**EXERCISE INSTRUCTIONS**
Go through the entries and copy every line that has the string "equation" in it.

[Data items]
------------

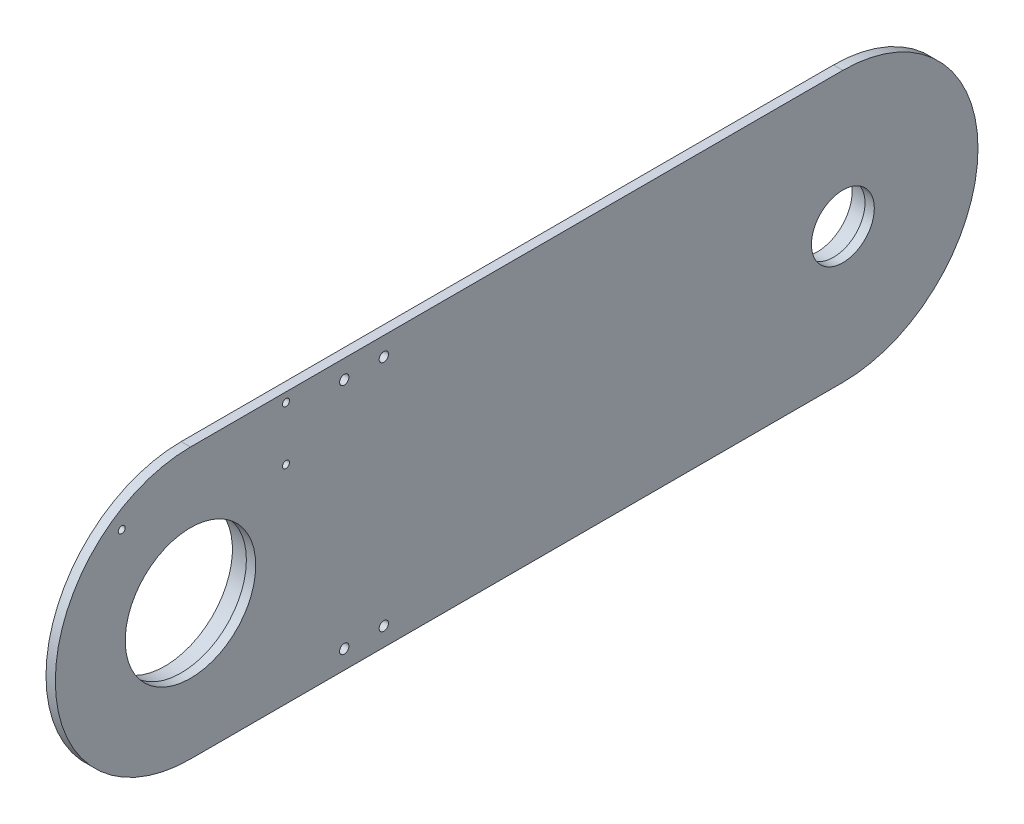
SolidWorks part; units mm, degrees
material "Zoltek Panex 33"
ref_plane "Front Plane" through (0, 0, 0) normal (0, 0, 1) x (1, 0, 0)
ref_plane "Top Plane" through (0, 0, 0) normal (0, 1, 0) x (1, 0, 0)
ref_plane "Right Plane" through (0, 0, 0) normal (1, 0, 0) x (0, 0, -1)
sketch "Sketch1" plane through (0, 0, 0) normal (1, 0, 0) x (0, 0, -1)
  line L0 (0, 0) -> (280, 0) construction
  line L1 (0, 58) -> (280, 58)
  line L2 (0, -58) -> (280, -58)
  arc A0 (0, 58) -> (0, -58) centre (0, 0) ccw
  arc A1 (280, -58) -> (280, 58) centre (280, 0) ccw
  circle A2 centre (0, 0) radius 28
  circle A3 centre (280, 0) radius 13.5
  point P3 (140, 0)
  dimension "D2" = 58
  dimension "D3" = 56
  dimension "D4" = 27
  dimension "D1" = 280
extrude "Boss-Extrude1" add sketch "Sketch1" along normal blind 4
ref_plane "Plane1" through (-7, 0, 0) normal (-1, 0, 0) x (0, 0, 1)
sketch "Sketch2" plane through (-7, 0, 0) normal (-1, 0, 0) x (0, 0, 1)
  line L0 (-140, 58) -> (-140, -58) construction
  line L1 (-280, 58) -> (0, 58) construction
  line L2 (0, -58) -> (-280, -58) construction
  circle A0 centre (0, 0) radius 29
  circle A1 centre (0, 0) radius 34
  circle A2 centre (-280, 0) radius 15
  circle A3 centre (-280, 0) radius 20
  dimension "D1" = 58
  dimension "D2" = 68
  dimension "D3" = 30
  dimension "D4" = 40
extrude "Boss-Extrude2" add sketch "Sketch2" against normal up to surface (7 mm away) up to face at (0, 0, -140)
chamfer "Chamfer1" distance 8 angle 45 2 edges at (0, 0, -34) (0, 0, -300)
sketch "Sketch3" plane through (0, 0, 0) normal (-1, 0, 0) x (0, 0, 1)
  line L0 (0, 58) -> (-73, 58) construction
  line L1 (-280, 58) -> (0, 58) construction
  line L2 (-73, 58) -> (-73, -58) construction
  line L3 (0, -58) -> (-280, -58) construction
  line L4 (-73, 58) -> (-76, 58) construction
  line L5 (-76, 58) -> (-76, -58) construction
  line L6 (-69.0931, 53.5) -> (-66, 53.5) construction
  line L7 (-66, 46.5) -> (-69.0931, 46.5) construction
  line L8 (-66, 50) -> (-73, 50) construction
  line L9 (-73, 55.8533) -> (-73, 44.1467) construction
  line L10 (-73, 0) -> (-99.886, 0) construction
  line L11 (-74.5, 58) -> (-74.5, 37.4458) construction
  arc A0 (-69.0931, 53.5) -> (-73, 55.8533) centre (-69.0931, 57.9197) cw construction
  arc A1 (-66, 53.5) -> (-66, 46.5) centre (-66, 50) cw construction
  arc A2 (-69.0931, 46.5) -> (-73, 44.1467) centre (-69.0931, 42.0803) ccw construction
  circle A3 centre (-66, 50) radius 2
  circle A4 centre (-66, -50) radius 2
  circle A5 centre (-83, -50) radius 2
  circle A6 centre (-83, 50) radius 2
  dimension "D3" = 4
  dimension "D1" = 73
  dimension "D2" = 3
  dimension "D4" = 7
  dimension "D5" = 8
  dimension "D6" = 7
extrude "Cut-Extrude1" cut sketch "Sketch3" against normal through all contours A3 | A4 | A6 | A5
sketch "Sketch4" plane through (4, 0, 0) normal (1, 0, 0) x (0, 0, -1)
  line L0 (0, 58) -> (73, 58) construction
  line L1 (280, 58) -> (0, 58) construction
  line L2 (73, 58) -> (73, 42) construction
  line L3 (73, 42) -> (-29.5, 42) construction
  line L4 (73, 58) -> (73, 54) construction
  line L5 (73, 54) -> (41, 54) construction
  line L6 (41, 54) -> (41, 31) construction
  circle A0 centre (-29.5, 42) radius 1.5
  circle A1 centre (41, 54) radius 1.5
  circle A2 centre (41, 31) radius 1.5
  dimension "D4" = 3
  dimension "D8" = 3
  dimension "D9" = 3
  dimension "D1" = 73
  dimension "D2" = 16
  dimension "D3" = 102.5
  dimension "D5" = 4
  dimension "D6" = 32
  dimension "D7" = 23
extrude "Cut-Extrude2" cut sketch "Sketch4" against normal through all
sketch "Sketch5" plane through (-7, 0, 0) normal (-1, 0, 0) x (0, 0, 1)
  line L0 (-280, 0) -> (-280, 17) construction
  circle A0 centre (-280, 17) radius 1.5
  circle A1 centre (-263, 0) radius 1.5
  circle A2 centre (-280, -17) radius 1.5
  circle A3 centre (-297, 0) radius 1.5
  point P5 (-298.578, 2.9455)
  point P6 (0, 0)
  point P12 (-280, 0)
  dimension "D2" = 3
  dimension "D1" = 17
  dimension "D3" = 4
extrude "Cut-Extrude3" cut sketch "Sketch5" against normal blind 5
equation "\"mini-flipper-shaft-diameter\"= 26mm"
equation "\"mini-shaft-ring-groove-diam\"= 7.8mm"
equation "\"mini-shaft-ring-groove-width\"= 1mm"
equation "\"dtCoverPlate-DistFrom-GearCent\"= 73mm"
equation "\"wormGearShaft-L\"= \"dtCoverPlate-DistFrom-GearCent\" - 27.75 + 3.75"
equation "\"D1@Sketch3\"=\"dtCoverPlate-DistFrom-GearCent\""

------------

**FINISHED EXERCISE**
equation "\"mini-flipper-shaft-diameter\"= 26mm"
equation "\"mini-shaft-ring-groove-diam\"= 7.8mm"
equation "\"mini-shaft-ring-groove-width\"= 1mm"
equation "\"dtCoverPlate-DistFrom-GearCent\"= 73mm"
equation "\"wormGearShaft-L\"= \"dtCoverPlate-DistFrom-GearCent\" - 27.75 + 3.75"
equation "\"D1@Sketch3\"=\"dtCoverPlate-DistFrom-GearCent\""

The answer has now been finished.